At first glance, the MSI RTX 5070 appears competitive with a higher base clock of 2325 MHz versus the Acer RX 9070 XT's 1870 MHz. However, this baseline figure is misleading: the RX 9070 XT's turbo clock reaches 3100 MHz — nearly 22% higher than the RTX 5070's 2542 MHz peak. In sustained workloads like gaming or rendering, GPUs operate closer to their turbo ceiling, which means the Acer card spends most of its time running at a significantly higher frequency than the MSI.
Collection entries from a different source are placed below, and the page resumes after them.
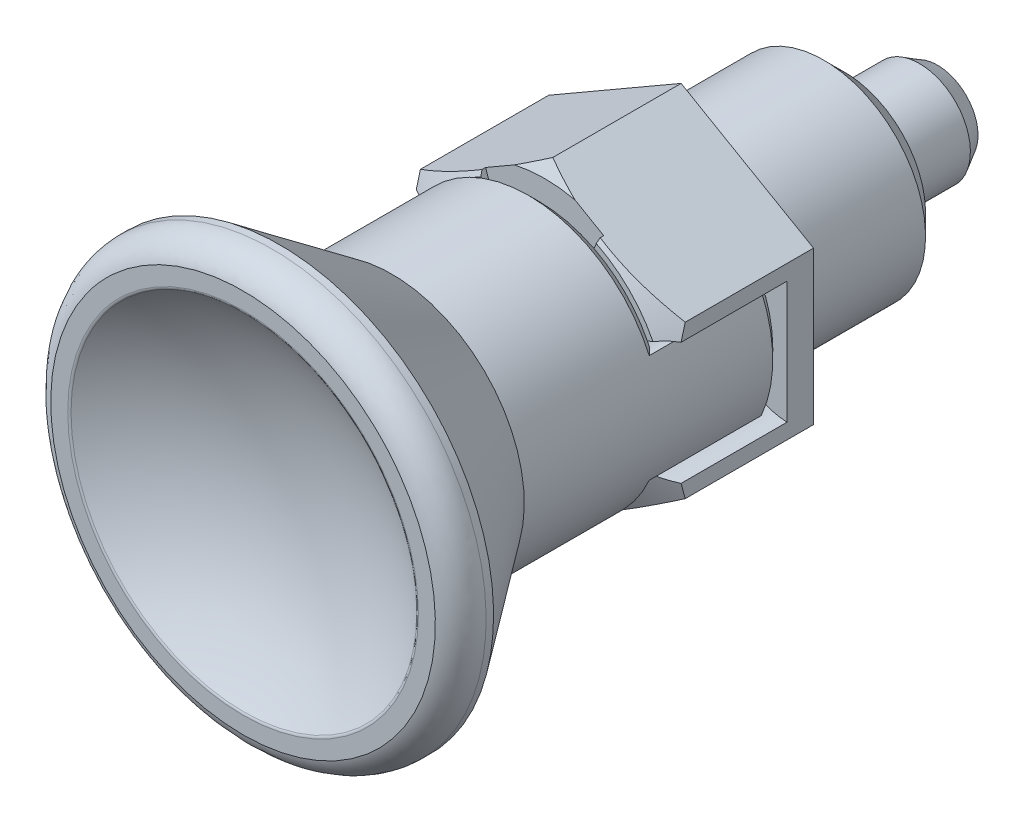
ISO-10303-21;
HEADER;
FILE_DESCRIPTION(('STEP AP214'),'2;1');
FILE_NAME('part.step','',(''),(''),'','','');
FILE_SCHEMA(('AUTOMOTIVE_DESIGN { 1 0 10303 214 1 1 1 1 }'));
ENDSEC;
DATA;
#1=APPLICATION_CONTEXT('core data for automotive mechanical design processes');
#2=APPLICATION_PROTOCOL_DEFINITION('international standard','automotive_design',2000,#1);
#3=PRODUCT_CONTEXT('',#1,'mechanical');
#4=PRODUCT('Part','Part','',(#3));
#5=PRODUCT_RELATED_PRODUCT_CATEGORY('part','',(#4));
#6=PRODUCT_DEFINITION_FORMATION('','',#4);
#7=PRODUCT_DEFINITION_CONTEXT('part definition',#1,'design');
#8=PRODUCT_DEFINITION('design','',#6,#7);
#9=PRODUCT_DEFINITION_SHAPE('','',#8);
#10=(LENGTH_UNIT() NAMED_UNIT(*) SI_UNIT(.MILLI.,.METRE.));
#11=(NAMED_UNIT(*) PLANE_ANGLE_UNIT() SI_UNIT($,.RADIAN.));
#12=(NAMED_UNIT(*) SI_UNIT($,.STERADIAN.) SOLID_ANGLE_UNIT());
#13=UNCERTAINTY_MEASURE_WITH_UNIT(LENGTH_MEASURE(1.E-05),#10,'distance_accuracy_value','');
#14=(GEOMETRIC_REPRESENTATION_CONTEXT(3) GLOBAL_UNCERTAINTY_ASSIGNED_CONTEXT((#13)) GLOBAL_UNIT_ASSIGNED_CONTEXT((#10,
#11,#12)) REPRESENTATION_CONTEXT('',''));
#15=CARTESIAN_POINT('',(0.,0.,0.));
#16=DIRECTION('',(0.,0.,1.));
#17=DIRECTION('',(1.,0.,0.));
#18=AXIS2_PLACEMENT_3D('',#15,#16,#17);
#19=CARTESIAN_POINT('',(0.,-1.28703991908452E-09,32.599147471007));
#20=DIRECTION('',(0.,0.,-1.));
#21=DIRECTION('',(1.74532925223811E-06,-0.999999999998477,0.));
#22=AXIS2_PLACEMENT_3D('',#19,#20,#21);
#23=SPHERICAL_SURFACE('',#22,14.0000000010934);
#24=CARTESIAN_POINT('',(0.,4.8919202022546E-13,21.4645927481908));
#25=DIRECTION('',(0.,0.,1.));
#26=DIRECTION('',(1.74532925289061E-06,-0.999999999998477,0.));
#27=AXIS2_PLACEMENT_3D('',#24,#25,#26);
#28=CIRCLE('',#27,8.48655944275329);
#29=CARTESIAN_POINT('',(1.48118404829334E-05,-8.48655944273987,21.464592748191));
#30=VERTEX_POINT('',#29);
#31=EDGE_CURVE('E425',#30,#30,#28,.T.);
#32=ORIENTED_EDGE('',*,*,#31,.T.);
#33=EDGE_LOOP('',(#32));
#34=FACE_BOUND('',#33,.T.);
#35=ADVANCED_FACE('F14',(#34),#23,.F.);
#36=CARTESIAN_POINT('',(1.48118404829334E-05,-8.48655944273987,21.464592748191));
#37=CARTESIAN_POINT('',(1.49049371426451E-05,-8.53989989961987,21.5066671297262));
#38=CARTESIAN_POINT('',(1.50234382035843E-05,-8.60779600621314,21.5055276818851));
#39=CARTESIAN_POINT('',(-14.6991373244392,-8.48658509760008,21.464592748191));
#40=CARTESIAN_POINT('',(-14.7915256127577,-8.53992571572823,21.5066671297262));
#41=CARTESIAN_POINT('',(-14.9091250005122,-8.60782202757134,21.505527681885));
#42=CARTESIAN_POINT('',(-7.34958347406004,4.24326689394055,21.4645927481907));
#43=CARTESIAN_POINT('',(-7.39577771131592,4.26993704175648,21.506667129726));
#44=CARTESIAN_POINT('',(-7.45457752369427,4.30388499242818,21.5055276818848));
#45=CARTESIAN_POINT('',(-2.96236808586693E-05,16.9731188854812,21.4645927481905));
#46=CARTESIAN_POINT('',(-2.98098741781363E-05,17.0797997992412,21.5066671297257));
#47=CARTESIAN_POINT('',(-3.00468763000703E-05,17.2155920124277,21.5055276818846));
#48=CARTESIAN_POINT('',(7.34956866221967,4.24329254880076,21.4645927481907));
#49=CARTESIAN_POINT('',(7.39576280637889,4.26996285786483,21.506667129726));
#50=CARTESIAN_POINT('',(7.45456250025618,4.30391101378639,21.5055276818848));
#51=CARTESIAN_POINT('',(14.6991669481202,-8.48653378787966,21.464592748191));
#52=CARTESIAN_POINT('',(14.791555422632,-8.53987408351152,21.5066671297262));
#53=CARTESIAN_POINT('',(14.9091550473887,-8.60776998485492,21.505527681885));
#54=CARTESIAN_POINT('',(1.48118404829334E-05,-8.48655944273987,21.464592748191));
#55=CARTESIAN_POINT('',(1.49049371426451E-05,-8.53989989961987,21.5066671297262));
#56=CARTESIAN_POINT('',(1.50234382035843E-05,-8.60779600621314,21.5055276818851));
#57=(BOUNDED_SURFACE() B_SPLINE_SURFACE(2,2,((#36,#37,#38),(#39,#40,#41),(#42,#43,#44),(#45,#46,
#47),(#48,#49,#50),(#51,#52,#53),(#54,#55,#56)),.UNSPECIFIED.,.T.,.F.,
.F.) B_SPLINE_SURFACE_WITH_KNOTS((3,2,2,3),(3,3),(0.,217.869655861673,435.739311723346,
653.60896758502),(0.,1.),
.UNSPECIFIED.) GEOMETRIC_REPRESENTATION_ITEM() RATIONAL_B_SPLINE_SURFACE(((1.,0.946908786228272,
1.),(0.5,0.473454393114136,0.5),(1.,0.946908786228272,1.),(0.5,0.473454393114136,0.5),(1.,
0.946908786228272,1.),(0.5,0.473454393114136,0.5),(1.,0.946908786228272,1.))) REPRESENTATION_ITEM('') SURFACE());
#58=CARTESIAN_POINT('',(0.,4.77048955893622E-13,21.5055276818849));
#59=DIRECTION('',(0.,0.,-1.));
#60=DIRECTION('',(1.74532925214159E-06,-0.999999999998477,0.));
#61=AXIS2_PLACEMENT_3D('',#58,#59,#60);
#62=CIRCLE('',#61,8.60779600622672);
#63=CARTESIAN_POINT('',(1.50234382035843E-05,-8.60779600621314,21.5055276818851));
#64=VERTEX_POINT('',#63);
#65=EDGE_CURVE('E421',#64,#64,#62,.T.);
#66=CARTESIAN_POINT('',(1.48118404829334E-05,-8.48655944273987,21.464592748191));
#67=CARTESIAN_POINT('',(1.48136794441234E-05,-8.48761308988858,21.465423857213));
#68=CARTESIAN_POINT('',(1.48155335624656E-05,-8.48867542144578,21.4662439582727));
#69=CARTESIAN_POINT('',(1.48192760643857E-05,-8.49081971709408,21.4678637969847));
#70=CARTESIAN_POINT('',(1.4821164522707E-05,-8.49190172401,21.4686634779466));
#71=CARTESIAN_POINT('',(1.48249748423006E-05,-8.49408487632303,21.4702417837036));
#72=CARTESIAN_POINT('',(1.48268967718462E-05,-8.49518606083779,21.4710203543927));
#73=CARTESIAN_POINT('',(1.483077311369E-05,-8.49740704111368,21.4725557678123));
#74=CARTESIAN_POINT('',(1.4832727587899E-05,-8.49852687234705,21.4733125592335));
#75=CARTESIAN_POINT('',(1.48366680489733E-05,-8.50078459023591,21.4748037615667));
#76=CARTESIAN_POINT('',(1.48386540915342E-05,-8.5019225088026,21.4755381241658));
#77=CARTESIAN_POINT('',(1.4842656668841E-05,-8.50421581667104,21.4769838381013));
#78=CARTESIAN_POINT('',(1.4844673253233E-05,-8.50537123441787,21.4776951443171));
#79=CARTESIAN_POINT('',(1.48487358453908E-05,-8.50769892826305,21.4790941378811));
#80=CARTESIAN_POINT('',(1.48507818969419E-05,-8.50887122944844,21.4797817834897));
#81=CARTESIAN_POINT('',(1.48549023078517E-05,-8.51123205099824,21.4811328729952));
#82=CARTESIAN_POINT('',(1.48569767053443E-05,-8.51242059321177,21.4817962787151));
#83=CARTESIAN_POINT('',(1.48611526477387E-05,-8.51481323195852,21.4830983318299));
#84=CARTESIAN_POINT('',(1.48632542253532E-05,-8.51601734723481,21.4837369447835));
#85=CARTESIAN_POINT('',(1.48674833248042E-05,-8.51844044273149,21.4849888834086));
#86=CARTESIAN_POINT('',(1.4869610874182E-05,-8.51965943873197,21.4856021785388));
#87=CARTESIAN_POINT('',(1.4873890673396E-05,-8.52211158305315,21.4868029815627));
#88=CARTESIAN_POINT('',(1.48760429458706E-05,-8.52334474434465,21.4873904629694));
#89=CARTESIAN_POINT('',(1.48803709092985E-05,-8.52582448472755,21.4885391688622));
#90=CARTESIAN_POINT('',(1.48825466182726E-05,-8.52707107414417,21.4891003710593));
#91=CARTESIAN_POINT('',(1.48869201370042E-05,-8.52957691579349,21.4901960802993));
#92=CARTESIAN_POINT('',(1.4889117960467E-05,-8.53083617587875,21.4907305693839));
#93=CARTESIAN_POINT('',(1.48935343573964E-05,-8.53336658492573,21.4917724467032));
#94=CARTESIAN_POINT('',(1.48957529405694E-05,-8.53463773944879,21.4922798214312));
#95=CARTESIAN_POINT('',(1.49002094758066E-05,-8.53719114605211,21.4932670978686));
#96=CARTESIAN_POINT('',(1.49024474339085E-05,-8.53847340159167,21.4937469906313));
#97=CARTESIAN_POINT('',(1.49069413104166E-05,-8.54104820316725,21.4946789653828));
#98=CARTESIAN_POINT('',(1.49091972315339E-05,-8.54234075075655,21.4951310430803));
#99=CARTESIAN_POINT('',(1.49137256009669E-05,-8.5449353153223,21.4960070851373));
#100=CARTESIAN_POINT('',(1.49159980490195E-05,-8.54623733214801,21.4964310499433));
#101=CARTESIAN_POINT('',(1.49205580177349E-05,-8.54885000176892,21.4972505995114));
#102=CARTESIAN_POINT('',(1.4922845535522E-05,-8.55016065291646,21.4976461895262));
#103=CARTESIAN_POINT('',(1.49274341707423E-05,-8.55278974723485,21.4984087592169));
#104=CARTESIAN_POINT('',(1.49297352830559E-05,-8.55410818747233,21.4987757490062));
#105=CARTESIAN_POINT('',(1.49343496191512E-05,-8.55675200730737,21.4994809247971));
#106=CARTESIAN_POINT('',(1.49366628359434E-05,-8.55807738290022,21.4998191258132));
#107=CARTESIAN_POINT('',(1.49412998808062E-05,-8.5607342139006,21.5004665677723));
#108=CARTESIAN_POINT('',(1.49436237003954E-05,-8.56206566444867,21.5007758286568));
#109=CARTESIAN_POINT('',(1.49482804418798E-05,-8.56473378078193,21.5013652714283));
#110=CARTESIAN_POINT('',(1.4950613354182E-05,-8.56607044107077,21.5016454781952));
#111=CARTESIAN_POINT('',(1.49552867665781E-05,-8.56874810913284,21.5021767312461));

That clock advantage compounds across the broader performance picture. The RX 9070 XT delivers 50.79 TFLOPS of floating-point throughput versus 31.24 TFLOPS on the RTX 5070 — a 62% lead that directly translates to faster shader computations. Its pixel rate (396.8 GPixel/s vs 203.4 GPixel/s) and texture rate (793.6 GTexels/s vs 488.1 GTexels/s) are similarly dominant, meaning the RX 9070 XT can push more pixels and fill textures faster — both critical for high-resolution, high-framerate gaming. The RTX 5070 does field more shading units (6144 vs 4096), but with fewer TMUs (192 vs 256), fewer ROPs (80 vs 128), and slower memory speed (1750 MHz vs 2518 MHz), its raw shader count cannot offset the deficits elsewhere.
On raw performance metrics alone, the Acer RX 9070 XT OC holds a clear and substantial advantage across nearly every dimension — throughput, rasterization, texturing, and memory bandwidth potential. Both cards support Double Precision Floating Point, which is a non-differentiator here. For users prioritizing peak computational horsepower as reflected in these specs, the RX 9070 XT is the stronger performer in this group.